INPUT DATA:
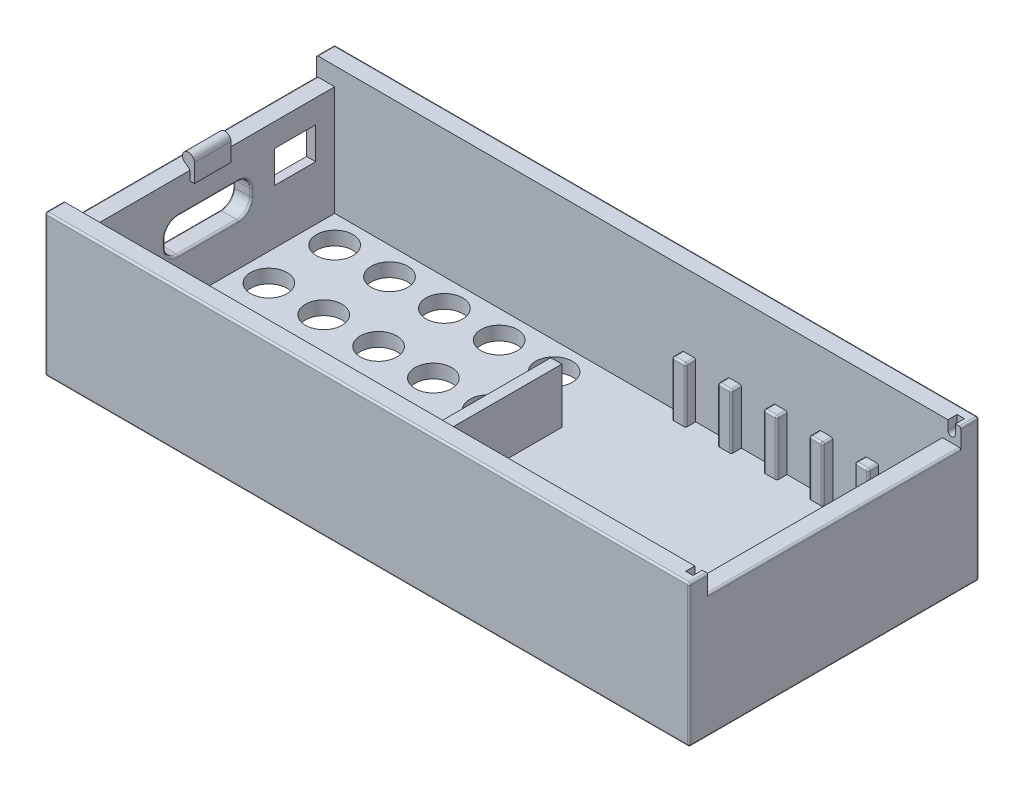
SolidWorks part; units mm, degrees
material "PLA"
ref_plane "前视基准面" through (0, 0, 0) normal (0, 0, 1) x (1, 0, 0)
ref_plane "上视基准面" through (0, 0, 0) normal (0, 1, 0) x (1, 0, 0)
ref_plane "右视基准面" through (0, 0, 0) normal (1, 0, 0) x (0, 0, -1)
sketch "草图1" plane through (0, 0, 0) normal (0, 0, 1) x (1, 0, 0)
  line L0 (0, 0) -> (70.5, 0)
  line L1 (70.5, 0) -> (70.5, 13.5)
  line L2 (70.5, 13.5) -> (68.5, 13.5)
  line L3 (68.5, 13.5) -> (68.5, 1.5)
  line L4 (68.5, 1.5) -> (2, 1.5)
  line L5 (2, 1.5) -> (2, 13.5)
  line L6 (2, 13.5) -> (0, 13.5)
  line L7 (0, 13.5) -> (0, 0)
  dimension "D1" = 66.5
  dimension "D3" = 2
  dimension "D4" = 1.5
  dimension "D6" = 12
extrude "凸台-拉伸1" add sketch "草图1" along normal blind 31.7
sketch "草图3" plane through (0, 1.5, 0) normal (0, 1, 0) x (1, 0, 0)
  line L0 (2, -31.7) -> (68.5, -31.7)
  line L1 (68.5, -31.7) -> (68.5, -29.7)
  line L2 (68.5, -31.7) -> (68.5, 0) construction
  line L3 (68.5, -29.7) -> (2, -29.7)
  line L4 (2, -31.7) -> (2, 0) construction
  line L5 (2, -29.7) -> (2, -31.7)
  dimension "D1" = 2
extrude "凸台-拉伸2" add sketch "草图3" along normal through all
sketch "草图4" plane through (0, 1.5, 0) normal (0, 1, 0) x (1, 0, 0)
  line L0 (2, 0) -> (68.5, 0)
  line L1 (68.5, -29.7) -> (68.5, 0) construction
  line L2 (68.5, -29.7) -> (68.5, 0) construction
  line L3 (68.5, 0) -> (68.5, -2)
  line L4 (68.5, -2) -> (2, -2)
  line L5 (2, -29.7) -> (2, 0) construction
  line L6 (2, -2) -> (2, 0)
  dimension "D1" = 2
extrude "凸台-拉伸3" add sketch "草图4" along normal through all
sketch "草图5" plane through (0, 1.5, 0) normal (0, 1, 0) x (1, 0, 0)
  line L0 (34.1, -6.415) -> (34.1, -25.7073) construction
  line L2 (23.9227, -15.85) -> (46.7103, -15.85) construction
  line L3 (2, -2) -> (68.5, -2) construction
  line L4 (68.5, -29.7) -> (2, -29.7) construction
  line L5 (34.7, -9.85) -> (33.5, -9.85)
  line L6 (33.5, -9.85) -> (33.5, -21.85)
  line L7 (34.7, -9.85) -> (34.7, -21.85)
  line L8 (34.7, -21.85) -> (33.5, -21.85)
  line L9 (2, -29.7) -> (2, -2) construction
  point P14 (34.1, -9.85)
  point P16 (34.7, -15.85)
  point P17 (33.5, -15.85)
  dimension "D1" = 1.2
  dimension "D2" = 32.1
  dimension "D3" = 12
extrude "凸台-拉伸4" add sketch "草图5" along normal blind 6 contours L6 L8 L7 L5
sketch "草图10" plane through (0, 0, 0) normal (-1, 0, 0) x (0, 0, 1)
  line L0 (5.075, 9.1862) -> (7.575, 9.1862) construction
  line L1 (5.075, 8.1862) -> (5.075, 10.1862) construction
  line L2 (7.575, 10.1862) -> (7.575, 8.1862) construction
  line L3 (6.325, 8.1862) -> (6.325, 10.1862) construction
  line L4 (7.575, 8.1862) -> (5.075, 8.1862) construction
  line L5 (5.075, 10.1862) -> (7.575, 10.1862) construction
  line L7 (8.575, 7.4362) -> (4.075, 7.4362)
  line L8 (8.575, 7.4362) -> (8.575, 10.9362)
  line L9 (8.575, 10.9362) -> (4.075, 10.9362)
  line L10 (4.075, 7.4362) -> (4.075, 10.9362)
  line L11 (8.575, 7.4362) -> (4.075, 10.9362) construction
  line L12 (8.575, 10.9362) -> (4.075, 7.4362) construction
  point P12 (6.325, 9.1862)
  dimension "D1" = 3.5
  dimension "D2" = 4.5
extrude "切除-拉伸3" cut sketch "草图10" against normal up to next
sketch "草图11" plane through (0, 0, 0) normal (-1, 0, 0) x (0, 0, 1)
  line L14 (11.13, 8.3362) -> (11.13, 7.5762)
  line L15 (12.58, 6.1262) -> (19.12, 6.1262)
  line L16 (20.57, 7.5762) -> (20.57, 8.3362)
  line L17 (19.12, 9.7862) -> (12.58, 9.7862)
  line L18 (11.13, 8.3362) -> (11.13, 7.5762)
  line L19 (12.58, 6.1262) -> (19.12, 6.1262)
  line L20 (20.57, 7.5762) -> (20.57, 8.3362)
  line L21 (19.12, 9.7862) -> (12.58, 9.7862)
  arc A8 (11.13, 7.5762) -> (12.58, 6.1262) centre (12.58, 7.5762) ccw
  arc A9 (19.12, 6.1262) -> (20.57, 7.5762) centre (19.12, 7.5762) ccw
  arc A10 (20.57, 8.3362) -> (19.12, 9.7862) centre (19.12, 8.3362) ccw
  arc A11 (12.58, 9.7862) -> (11.13, 8.3362) centre (12.58, 8.3362) ccw
  arc A12 (11.13, 7.5762) -> (12.58, 6.1262) centre (12.58, 7.5762) ccw
  arc A13 (19.12, 6.1262) -> (20.57, 7.5762) centre (19.12, 7.5762) ccw
  arc A14 (20.57, 8.3362) -> (19.12, 9.7862) centre (19.12, 8.3362) ccw
  arc A15 (12.58, 9.7862) -> (11.13, 8.3362) centre (12.58, 8.3362) ccw
  dimension "D1" = 0.3
extrude "切除-拉伸4" cut sketch "草图11" against normal up to next
sketch "草图14" plane through (0, 0, 2) normal (0, 0, 1) x (1, 0, 0)
  line L0 (66.4954, 1.5) -> (66.4954, 7.5)
  line L1 (2, 1.5) -> (68.5, 1.5) construction
  line L2 (66.4954, 7.5) -> (64.9954, 7.5)
  line L3 (64.9954, 7.5) -> (64.9954, 1.5)
  line L4 (64.9954, 1.5) -> (66.4954, 1.5)
  line L5 (68.5, 13.5) -> (68.5, 1.5) construction
  line L6 (64.1133, 1.5) -> (64.1133, 7.9181) construction
  line L7 (59.9954, 7.5) -> (59.9954, 1.5)
  line L8 (61.4954, 7.5) -> (59.9954, 7.5)
  line L9 (61.4954, 1.5) -> (61.4954, 7.5)
  line L10 (59.9954, 1.5) -> (61.4954, 1.5)
  line L11 (54.9954, 7.5) -> (54.9954, 1.5)
  line L12 (56.4954, 7.5) -> (54.9954, 7.5)
  line L13 (56.4954, 1.5) -> (56.4954, 7.5)
  line L14 (54.9954, 1.5) -> (56.4954, 1.5)
  line L15 (49.9954, 7.5) -> (49.9954, 1.5)
  line L16 (51.4954, 7.5) -> (49.9954, 7.5)
  line L17 (51.4954, 1.5) -> (51.4954, 7.5)
  line L18 (49.9954, 1.5) -> (51.4954, 1.5)
  line L19 (44.9954, 7.5) -> (44.9954, 1.5)
  line L20 (46.4954, 7.5) -> (44.9954, 7.5)
  line L21 (46.4954, 1.5) -> (46.4954, 7.5)
  line L22 (44.9954, 1.5) -> (46.4954, 1.5)
  line L23 (39.9954, 7.5) -> (39.9954, 1.5)
  line L24 (41.4954, 7.5) -> (39.9954, 7.5)
  line L25 (41.4954, 1.5) -> (41.4954, 7.5)
  line L26 (39.9954, 1.5) -> (41.4954, 1.5)
  line L27 (64.9954, 7.5) -> (59.9954, 7.5) construction
  dimension "D1" = 1.5
  dimension "D2" = 6
  dimension "D3" = 2.0046
  dimension "D4" = 0.8821
  dimension "D6" = 5
  dimension "D5" = 6
extrude "凸台-拉伸7" add sketch "草图14" along normal blind 1.1
fillet "圆角5" radius 0.2 18 edges at (66.4954, 4.5, 3.1) (65.7454, 7.5, 3.1) (64.9954, 4.5, 3.1) (61.4954, 4.5, 3.1) (60.7454, 7.5, 3.1) (59.9954, 4.5, 3.1) (56.4954, 4.5, 3.1) (55.7454, 7.5, 3.1) (54.9954, 4.5, 3.1) (51.4954, 4.5, 3.1) (50.7454, 7.5, 3.1) (49.9954, 4.5, 3.1) (46.4954, 4.5, 3.1) (45.7454, 7.5, 3.1) (44.9954, 4.5, 3.1) (41.4954, 4.5, 3.1) (40.7454, 7.5, 3.1) (39.9954, 4.5, 3.1)
fillet "圆角6" radius 0.2 24 edges at (66.4368, 7.4414, 3.0414) (65.0539, 7.4414, 3.0414) (60.0539, 7.4414, 3.0414) (61.4368, 7.4414, 3.0414) (56.4368, 7.4414, 3.0414) (51.4368, 7.4414, 3.0414) (46.4368, 7.4414, 3.0414) (41.4368, 7.4414, 3.0414) (55.0539, 7.4414, 3.0414) (50.0539, 7.4414, 3.0414) (45.0539, 7.4414, 3.0414) (40.0539, 7.4414, 3.0414) (66.4954, 7.5, 2.45) (64.9954, 7.5, 2.45) (59.9954, 7.5, 2.45) (61.4954, 7.5, 2.45) (56.4954, 7.5, 2.45) (51.4954, 7.5, 2.45) (46.4954, 7.5, 2.45) (41.4954, 7.5, 2.45) (54.9954, 7.5, 2.45) (49.9954, 7.5, 2.45) (44.9954, 7.5, 2.45) (39.9954, 7.5, 2.45)
sketch "草图15" plane through (0, 0, 29.7) normal (0, 0, -1) x (-1, 0, 0)
  line L0 (-68.5, 1.5) -> (-2, 1.5) construction
  line L1 (-66.5, 1.5) -> (-65, 1.5)
  line L2 (-66.5, 1.5) -> (-66.5, 7.5)
  line L3 (-66.5, 7.5) -> (-65, 7.5)
  line L4 (-65, 1.5) -> (-65, 7.5)
  line L5 (-68.5, 13.5) -> (-68.5, 1.5) construction
  line L6 (-61.5, 1.5) -> (-61.5, 7.5)
  line L7 (-61.5, 7.5) -> (-60, 7.5)
  line L8 (-60, 1.5) -> (-60, 7.5)
  line L9 (-61.5, 1.5) -> (-60, 1.5)
  line L10 (-56.5, 1.5) -> (-56.5, 7.5)
  line L11 (-56.5, 7.5) -> (-55, 7.5)
  line L12 (-55, 1.5) -> (-55, 7.5)
  line L13 (-56.5, 1.5) -> (-55, 1.5)
  line L14 (-51.5, 1.5) -> (-51.5, 7.5)
  line L15 (-51.5, 7.5) -> (-50, 7.5)
  line L16 (-50, 1.5) -> (-50, 7.5)
  line L17 (-51.5, 1.5) -> (-50, 1.5)
  line L18 (-46.5, 1.5) -> (-46.5, 7.5)
  line L19 (-46.5, 7.5) -> (-45, 7.5)
  line L20 (-45, 1.5) -> (-45, 7.5)
  line L21 (-46.5, 1.5) -> (-45, 1.5)
  line L22 (-41.5, 1.5) -> (-41.5, 7.5)
  line L23 (-41.5, 7.5) -> (-40, 7.5)
  line L24 (-40, 1.5) -> (-40, 7.5)
  line L25 (-41.5, 1.5) -> (-40, 1.5)
  line L26 (-66.5, 1.5) -> (-61.5, 1.5) construction
  dimension "D1" = 2
  dimension "D2" = 1.5
  dimension "D3" = 6
  dimension "D5" = 5
  dimension "D4" = 6
extrude "凸台-拉伸8" add sketch "草图15" along normal blind 1.1
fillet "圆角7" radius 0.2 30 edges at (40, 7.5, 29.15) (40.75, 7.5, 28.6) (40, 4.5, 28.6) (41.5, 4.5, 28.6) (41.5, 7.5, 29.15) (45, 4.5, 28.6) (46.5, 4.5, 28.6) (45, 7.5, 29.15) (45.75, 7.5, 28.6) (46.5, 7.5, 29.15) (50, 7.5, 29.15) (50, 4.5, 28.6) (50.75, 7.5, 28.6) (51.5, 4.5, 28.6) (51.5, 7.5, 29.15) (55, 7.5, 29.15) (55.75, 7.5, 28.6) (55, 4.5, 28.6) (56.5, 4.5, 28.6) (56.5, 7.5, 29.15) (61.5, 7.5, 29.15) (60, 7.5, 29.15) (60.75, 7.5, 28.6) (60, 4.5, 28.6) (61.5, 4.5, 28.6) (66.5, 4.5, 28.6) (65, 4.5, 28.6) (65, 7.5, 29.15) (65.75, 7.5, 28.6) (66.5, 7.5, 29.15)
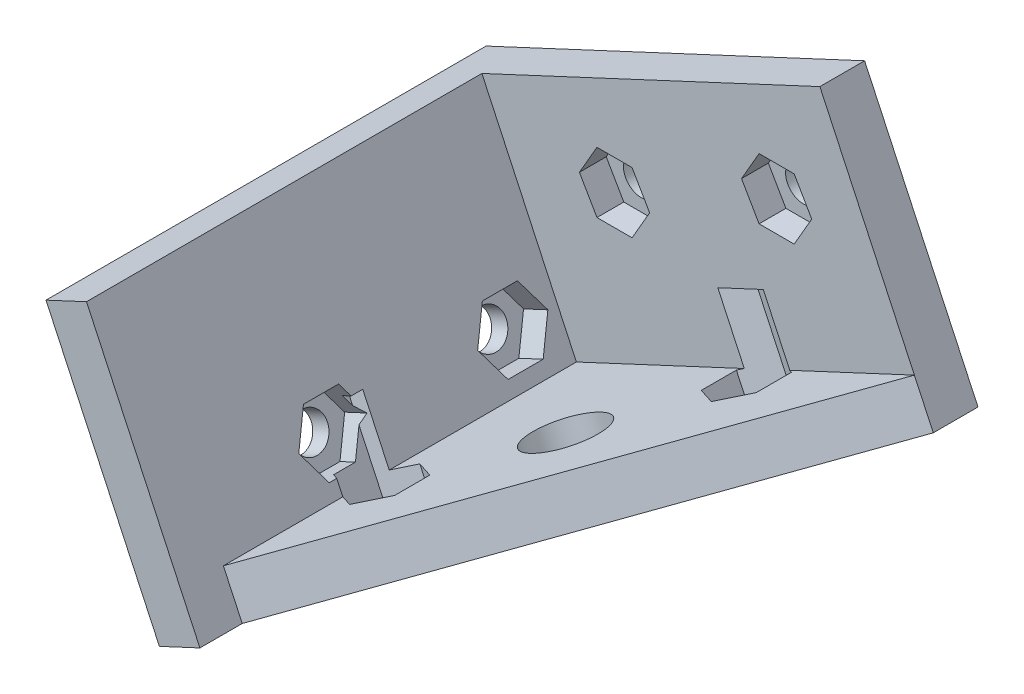
SolidWorks part; units mm, degrees
material "ABS"
ref_plane "Front Plane" through (0, 0, 0) normal (0, 0, 1) x (1, 0, 0)
ref_plane "Top Plane" through (0, 0, 0) normal (0, 1, 0) x (1, 0, 0)
ref_plane "Right Plane" through (0, 0, 0) normal (1, 0, 0) x (0, 0, -1)
sketch "Sketch1" plane through (0, 0, 0) normal (0, 0, 1) x (1, 0, 0)
  line L0 (-27.1677, -320.4736) -> (-39.8463, -293.2844)
  line L2 (-39.8463, -293.2844) -> (2.4783, -273.5481)
  line L3 (2.4783, -273.5481) -> (15.1568, -300.7373)
  line L5 (15.1568, -300.7373) -> (-27.1677, -320.4736)
  line L7 (-6.2846, -286.8374) -> (-4.3216, -290.2374)
  line L8 (-4.3216, -290.2374) -> (-0.3956, -290.2374)
  line L9 (-0.3956, -290.2374) -> (1.5674, -286.8374)
  line L10 (1.5674, -286.8374) -> (-0.3956, -283.4374)
  line L11 (-0.3956, -283.4374) -> (-4.3216, -283.4374)
  line L12 (-4.3216, -283.4374) -> (-6.2846, -286.8374)
  line L13 (-24.4107, -295.2897) -> (-22.4477, -298.6897)
  line L14 (-22.4477, -298.6897) -> (-18.5218, -298.6897)
  line L15 (-18.5218, -298.6897) -> (-16.5588, -295.2897)
  line L16 (-16.5588, -295.2897) -> (-18.5218, -291.8897)
  line L17 (-18.5218, -291.8897) -> (-22.4477, -291.8897)
  line L18 (-22.4477, -291.8897) -> (-24.4107, -295.2897)
  circle A1 centre (-2.3586, -286.8374) radius 2
  circle A2 centre (-20.4847, -295.2897) radius 2
  circle A4 centre (-2.3586, -286.8374) radius 3.4 construction
  circle A5 centre (-20.4847, -295.2897) radius 3.4 construction
  dimension "D3" = 6.8
  dimension "D4" = 6.8
extrude "Boss-Extrude1" add sketch "Sketch1" along normal blind 2 contours L5 L3 L2 L0 L18 L17 L16 L15 L14 L13 L12 L11 L10 L9 L8 L7 | L11 L12 L7 L8 L9 L10 A1 | L17 L18 L13 L14 L15 L16 A2 region at (-12.4007, -297.3715, 0) region at (-5.2131, -285.1893, 0) region at (-23.3393, -293.6417, 0)
extrude "Boss-Extrude2" add sketch "Sketch1<3>" along normal blind 3 from surface contours L5 L3 L2 L0 L18 L17 L16 L15 L14 L13 L12 L11 L10 L9 L8 L7 region at (-12.4007, -297.3715, 0) starting at face at (-12.3447, -297.0109, 2)
sketch "Sketch1<3>" plane through (0, 0, 0) normal (0, 0, 1) x (1, 0, 0) same geometry as "Sketch1"
sketch "Sketch3" plane through (117.8962, -252.8292, 0) normal (-0.4226, 0.9063, 0) x (0.9063, 0.4226, 0)
  line L0 (-113.3603, 0) -> (-113.3603, -5)
  line L1 (-113.3603, -5) -> (-160.0603, -49.2058)
  line L2 (-160.0603, 0) -> (-160.0603, -393.4) construction
  line L3 (-160.0603, -49.2058) -> (-160.0603, -5)
  line L5 (-149.3537, -26.5568) -> (-152.7537, -24.5938)
  line L6 (-152.7537, -24.5938) -> (-156.1537, -26.5568)
  line L7 (-156.1537, -26.5568) -> (-156.1537, -30.4828)
  line L8 (-156.1537, -30.4828) -> (-152.7537, -32.4458)
  line L9 (-152.7537, -32.4458) -> (-149.3537, -30.4828)
  line L10 (-149.3537, -30.4828) -> (-149.3537, -26.5568)
  line L11 (-131.5405, -3.3806) -> (-134.9405, -5.3436)
  line L12 (-134.9405, -5.3436) -> (-134.9405, -9.2696)
  line L13 (-134.9405, -9.2696) -> (-131.5405, -11.2326)
  line L14 (-131.5405, -11.2326) -> (-128.1405, -9.2696)
  line L15 (-128.1405, -9.2696) -> (-128.1405, -5.3436)
  line L16 (-128.1405, -5.3436) -> (-131.5405, -3.3806)
  line L17 (-113.3603, 0) -> (-160.0603, 0)
  line L18 (-160.0603, 0) -> (-160.0603, -5)
  circle A0 centre (-152.7537, -28.5198) radius 2 construction
  circle A1 centre (-131.5405, -7.3066) radius 2
  circle A2 centre (-152.7537, -28.5198) radius 2
  circle A3 centre (-152.7537, -28.5198) radius 3.4 construction
  circle A4 centre (-131.5405, -7.3066) radius 3.4 construction
  dimension "D1" = 10
  dimension "D2" = 4
  dimension "D3" = 4
  dimension "D4" = 6.8
  dimension "D5" = 6.8
extrude "Boss-Extrude3" add sketch "Sketch3" along normal blind 2 contours L17 L18 L3 L1 L0 L10 L9 L8 L7 L6 L5 L16 L15 L14 L13 L12 L11 | L15 L16 L11 L12 L13 L14 | L9 L10 L5 L6 L7 L8 region at (-11.8139, -313.314, 16.464) region at (-17.5584, -315.9927, 28.5198) region at (0.1737, -307.7241, 4.4521)
extrude "Boss-Extrude4" add sketch "Sketch3<4>" along normal blind 3 from surface contours L17 L18 L3 L1 L0 L10 L9 L8 L7 L6 L5 L16 L15 L14 L13 L12 L11 region at (-11.8139, -313.314, 16.464) starting at face at (-13.9048, -312.0822, 19.7353)
sketch "Sketch3<4>" plane through (117.8962, -252.8292, 0) normal (-0.4226, 0.9063, 0) x (0.9063, 0.4226, 0) same geometry as "Sketch3"
sketch "Sketch4" plane through (-145.0639, -67.6444, 0) normal (0.9063, 0.4226, 0) x (0, 0, -1)
  line L0 (-49.2058, -278.9662) -> (-49.2058, -248.9662)
  line L1 (-49.2058, -248.9662) -> (-5, -248.9662)
  line L2 (-5, -248.9662) -> (-5, -278.9662)
  line L3 (-5, -278.9662) -> (-49.2058, -278.9662)
  line L4 (-5, -248.9662) -> (0, -248.9662) construction
  line L6 (-33.926, -268.9662) -> (-31.963, -272.3662)
  line L7 (-31.963, -272.3662) -> (-28.037, -272.3662)
  line L8 (-28.037, -272.3662) -> (-26.074, -268.9662)
  line L9 (-26.074, -268.9662) -> (-28.037, -265.5662)
  line L10 (-28.037, -265.5662) -> (-31.963, -265.5662)
  line L11 (-31.963, -265.5662) -> (-33.926, -268.9662)
  line L12 (-13.926, -268.9662) -> (-11.963, -272.3662)
  line L13 (-11.963, -272.3662) -> (-8.037, -272.3662)
  line L14 (-8.037, -272.3662) -> (-6.074, -268.9662)
  line L15 (-6.074, -268.9662) -> (-8.037, -265.5662)
  line L16 (-8.037, -265.5662) -> (-11.963, -265.5662)
  line L17 (-11.963, -265.5662) -> (-13.926, -268.9662)
  circle A0 centre (-10, -268.9662) radius 2
  circle A1 centre (-30, -268.9662) radius 2
  circle A2 centre (-30, -268.9662) radius 3.4 construction
  circle A3 centre (-10, -268.9662) radius 3.4 construction
  point P14 (-27.0555, -267.2662)
  circle M11 centre (-30, -268.9662) radius 2
  circle M12 centre (-10, -268.9662) radius 2
  line M18 (-393.4, -278.9662) -> (0, -278.9662)
  dimension "D3" = 4
  dimension "D4" = 4
  dimension "D1" = 6.8
  dimension "D2" = 6.8
extrude "Boss-Extrude5" add sketch "Sketch4" along normal blind 2 contours L2 L1 L0 L17 L16 L15 L14 L13 L12 L11 L10 L9 L8 L7 L6 M18 | L10 L11 L6 L7 L8 L9 M11 | L16 L17 L12 L13 L14 L15 M12 region at (-33.6428, -306.5877, 27.5594) region at (-32.0904, -309.9169, 32.8545) region at (-32.0904, -309.9169, 12.8545)
extrude "Boss-Extrude6" add sketch "Sketch4<4>" along normal blind 3 from surface contours L2 L1 L0 L17 L16 L15 L14 L13 L12 L11 L10 L9 L8 L7 L6 M18 region at (-33.6428, -306.5877, 27.5594) starting at face at (-30.2857, -309.0548, 33.8395)
sketch "Sketch4<4>" plane through (-145.0639, -67.6444, 0) normal (0.9063, 0.4226, 0) x (0, 0, -1) same geometry as "Sketch4"
extrude "Cut-Extrude1" cut sketch "Sketch3<5>" along normal blind 10 from surface contours L15 L16 L11 L12 L13 L14 | L9 L10 L5 L6 L7 L8 region at (-17.5584, -315.9927, 28.5198) region at (0.1737, -307.7241, 4.4521) starting at face at (-3.9779, -307.4532, 7.3066)
sketch "Sketch3<5>" plane through (117.8962, -252.8292, 0) normal (-0.4226, 0.9063, 0) x (0.9063, 0.4226, 0) same geometry as "Sketch3"
sketch "Sketch5" plane through (117.8962, -252.8292, 0) normal (0.4226, -0.9063, 0) x (0.9063, 0.4226, 0)
  line L0 (-131.5405, 7.3066) -> (-152.7537, 28.5198) construction
  circle A0 centre (-142.1471, 17.9132) radius 4
  dimension "D1" = 8
extrude "Cut-Extrude2" cut sketch "Sketch5" against normal blind 10

TASK OBJECTIVE: Every line containing the word "surface" must be copied from the material above.

SOLUTION BELOW:
extrude "Boss-Extrude2" add sketch "Sketch1<3>" along normal blind 3 from surface contours L5 L3 L2 L0 L18 L17 L16 L15 L14 L13 L12 L11 L10 L9 L8 L7 region at (-12.4007, -297.3715, 0) starting at face at (-12.3447, -297.0109, 2)
extrude "Boss-Extrude4" add sketch "Sketch3<4>" along normal blind 3 from surface contours L17 L18 L3 L1 L0 L10 L9 L8 L7 L6 L5 L16 L15 L14 L13 L12 L11 region at (-11.8139, -313.314, 16.464) starting at face at (-13.9048, -312.0822, 19.7353)
extrude "Boss-Extrude6" add sketch "Sketch4<4>" along normal blind 3 from surface contours L2 L1 L0 L17 L16 L15 L14 L13 L12 L11 L10 L9 L8 L7 L6 M18 region at (-33.6428, -306.5877, 27.5594) starting at face at (-30.2857, -309.0548, 33.8395)
extrude "Cut-Extrude1" cut sketch "Sketch3<5>" along normal blind 10 from surface contours L15 L16 L11 L12 L13 L14 | L9 L10 L5 L6 L7 L8 region at (-17.5584, -315.9927, 28.5198) region at (0.1737, -307.7241, 4.4521) starting at face at (-3.9779, -307.4532, 7.3066)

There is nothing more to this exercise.